Last week the Texas Supreme Court issued an emergency stay while it considers a petition for writ of mandamus in a massive securities fraud case involving an energy company accused of paying bribes to the Angolan government in exchange for offshore drilling concessions, an international investment brokerage house that backed the company, and the company’s dozen or so insurance carriers.

In re Illinois National Insurance Company (No. 22-0872) originated in a securities fraud class action brought by GAMCO as class representative against Cobalt International Energy Inc. and its directors and officers. The class action plaintiffs alleged that Cobalt had made substantial payments to the Angolan government through a partnership with three Angolan oil companies. In return, the Angolan government gave Cobalt rights to conduct offshore exploration and production. GAMCO offered to settle the litigation for $175 million, which Cobalt refused. Cobalt subsequently declared bankruptcy, leading to a nonrecourse settlement agreement with GAMCO relieving Cobalt and its directors and officers of all obligations in the securities fraud litigation. Instead, GAMCO agreed to seek recovery solely from the proceeds of Cobalt’s insurance policies. The settlement amount went up to $220 million, which was fine with Cobalt since the agreement didn’t obligate it pay anything. In fact, the agreement gave Cobalt a partial interest in any recovery from the insurers in an amount of more than $28 million. The bankruptcy court approved, but neither it nor the federal district court expressly validated GAMCO’s plan to sue the insurers or any opinion on the coverage issues.

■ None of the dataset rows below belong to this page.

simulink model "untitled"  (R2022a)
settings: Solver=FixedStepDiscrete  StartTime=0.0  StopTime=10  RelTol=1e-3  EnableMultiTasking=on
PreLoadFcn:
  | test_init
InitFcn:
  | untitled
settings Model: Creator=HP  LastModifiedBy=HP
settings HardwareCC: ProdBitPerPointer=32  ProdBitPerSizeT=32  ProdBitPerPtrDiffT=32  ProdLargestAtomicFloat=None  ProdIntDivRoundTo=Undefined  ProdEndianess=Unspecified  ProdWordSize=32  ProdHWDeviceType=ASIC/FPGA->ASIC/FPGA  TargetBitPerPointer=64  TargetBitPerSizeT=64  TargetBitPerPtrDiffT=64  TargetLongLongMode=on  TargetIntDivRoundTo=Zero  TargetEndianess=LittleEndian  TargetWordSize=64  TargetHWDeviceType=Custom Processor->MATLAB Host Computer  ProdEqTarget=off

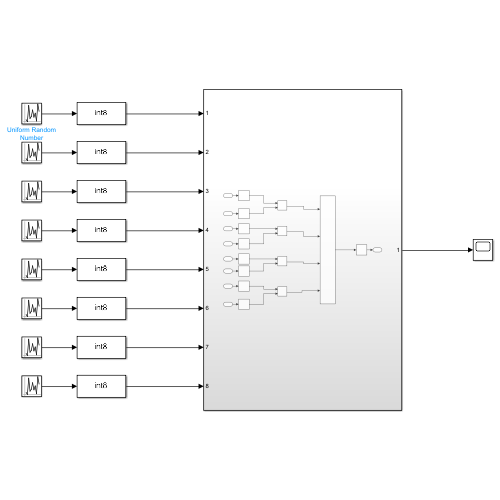
[thumbnail: Simulink's stored preview of the top-level diagram]
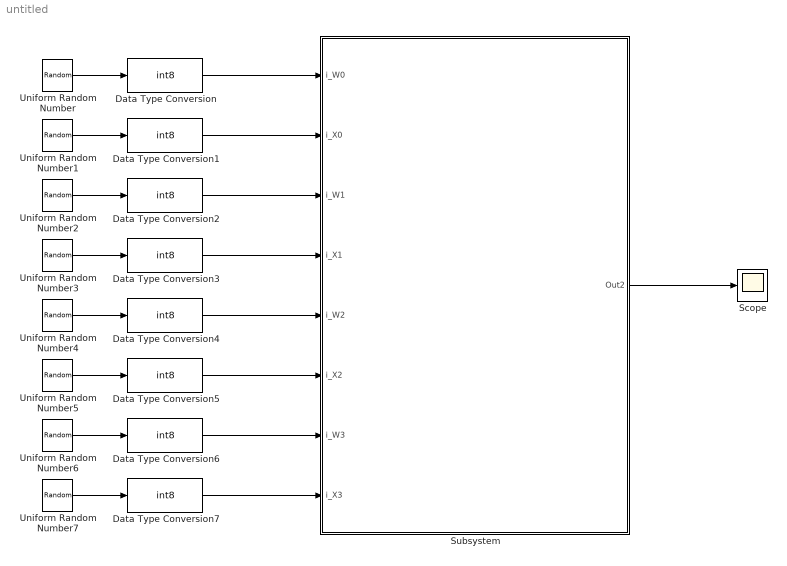
== system untitled ==
  Data Type Conversion{,1..7} (8 alike) : DataTypeConversion  OutDataTypeStr=int8  RndMeth=Round  SaturateOnIntegerOverflow=off
  Scope : Scope
  Subsystem : Subsystem
  Uniform Random Number : UniformRandomNumber  Minimum=0  Maximum=2^8-1  Seed=1  SampleTime=1
  Uniform Random Number1 : UniformRandomNumber  Minimum=0  Maximum=2^8-1  Seed=2  SampleTime=1
  Uniform Random Number2 : UniformRandomNumber  Minimum=0  Maximum=2^8-1  Seed=3  SampleTime=1
  Uniform Random Number3 : UniformRandomNumber  Minimum=0  Maximum=2^8-1  Seed=4  SampleTime=1
  Uniform Random Number4 : UniformRandomNumber  Minimum=0  Maximum=2^8-1  Seed=5  SampleTime=1
  Uniform Random Number5 : UniformRandomNumber  Minimum=0  Maximum=2^8-1  Seed=6  SampleTime=1
  Uniform Random Number6 : UniformRandomNumber  Minimum=0  Maximum=2^8-1  Seed=7  SampleTime=1
  Uniform Random Number7 : UniformRandomNumber  Minimum=0  Maximum=2^8-1  Seed=8  SampleTime=1
  wires:
  Uniform Random Number/1 -> Data Type Conversion/1
  Uniform Random Number1/1 -> Data Type Conversion1/1
  Uniform Random Number2/1 -> Data Type Conversion2/1
  Uniform Random Number3/1 -> Data Type Conversion3/1
  Uniform Random Number4/1 -> Data Type Conversion4/1
  Uniform Random Number5/1 -> Data Type Conversion5/1
  Uniform Random Number6/1 -> Data Type Conversion6/1
  Uniform Random Number7/1 -> Data Type Conversion7/1
  Data Type Conversion/1 -> Subsystem/1(i_W0)
  Data Type Conversion1/1 -> Subsystem/2(i_X0)
  Data Type Conversion2/1 -> Subsystem/3(i_W1)
  Data Type Conversion3/1 -> Subsystem/4(i_X1)
  Data Type Conversion4/1 -> Subsystem/5(i_W2)
  Data Type Conversion5/1 -> Subsystem/6(i_X2)
  Data Type Conversion6/1 -> Subsystem/7(i_W3)
  Data Type Conversion7/1 -> Subsystem/8(i_X3)
  Subsystem/1(Out2) -> Scope/1

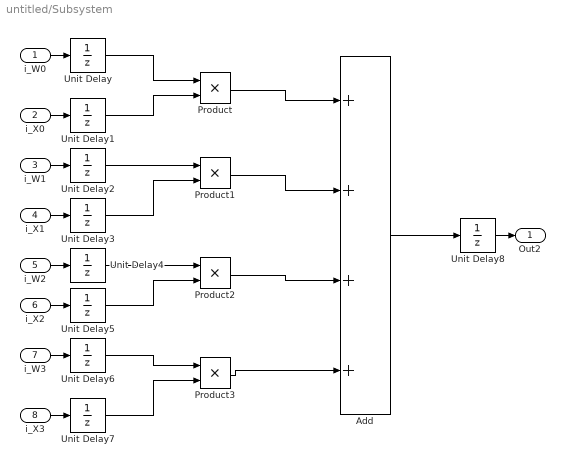
== system untitled/Subsystem ==
  i_W0 : Inport
  i_X0 : Inport  Port=2
  i_W1 : Inport  Port=3
  i_X1 : Inport  Port=4
  i_W2 : Inport  Port=5
  i_X2 : Inport  Port=6
  i_W3 : Inport  Port=7
  i_X3 : Inport  Port=8
  Add : Sum  Inputs=++++
  Product{,1..3} (4 alike) : Product
  Unit Delay{,1..8} (9 alike) : UnitDelay  SampleTime=-1  HasFrameUpgradeWarning=on
  Out2 : Outport
  wires:
  i_X2/1 -> Unit Delay5/1
  Product1/1 -> Add/2
  Unit Delay6/1 -> Product3/1
  Unit Delay7/1 -> Product3/2
  Unit Delay5/1 -> Product2/2
  Product/1 -> Add/1
  Unit Delay1/1 -> Product/2
  Unit Delay/1 -> Product/1
  Unit Delay4/1 -> Product2/1
  Unit Delay2/1 -> Product1/1
  Add/1 -> Unit Delay8/1
  Unit Delay3/1 -> Product1/2
  Product2/1 -> Add/3
  Product3/1 -> Add/4
  i_W2/1 -> Unit Delay4/1
  i_W3/1 -> Unit Delay6/1
  Unit Delay8/1 -> Out2/1
  i_W0/1 -> Unit Delay/1
  i_X0/1 -> Unit Delay1/1
  i_X3/1 -> Unit Delay7/1
  i_W1/1 -> Unit Delay2/1
  i_X1/1 -> Unit Delay3/1

GAMCO sued the insurers in a declaratory judgment action in a Harris County district court. In a series of head-scratching rulings, the trial court denied the insurers’ motion for summary judgment on the basis that GAMCO lacked standing to bring a direct action the insurers. It likewise denied the insurers’ summary judgment motion arguing that Cobalt suffered no loss because the settlement agreement not only let them off the hook but promised them a share of the proceeds should GAMCO succeed. To cap off this flurry of rulings, the trial court approved GAMCO’s motion allowing the settlement agreement into evidence and barring the insurers’ from attacking the agreement at trial, apparently ignoring a contrary SCOTX ruling in Great Am. Ins. Co. v. Hamel, 525 S.W.3d 655 (Tex. 2017). The insurers unsuccessfully sought mandamus from the Houston [14th] Court of Appeals.

This case raises multiple issues, to wit: (1) does GAMCO have standing to pursue an action against the insurers despite Texas law’s “no direct action” rule; (2) do Cobalt’s directors and officers (or GAMCO under the nonrecourse settlement agreement) have standing to assert an indemnity claim against the insurers when they have not and will not ever suffer a “loss” as defined by the policy; and (3) is the settlement agreement, which was concluded without a fully adversarial proceeding, binding on the insurers and admissible as evidence of Cobalt’s liability or damages in the underlying securities litigation? The upshot is that, unless mandamus is granted, the insurers face being dragged through a trial in a nine-figure case when the key issues have already been decided against them despite what appears to be well-settled law in their favor.

The trial court’s rulings in this case appear very problematic to us. By issuing an emergency stay, SCOTX has indicated its intention to get to the bottom of the matter and, hopefully, to prevent this case from bouncing up and down in the courts for next several years, as it most certainly will if the summary judgment issues are not properly resolved.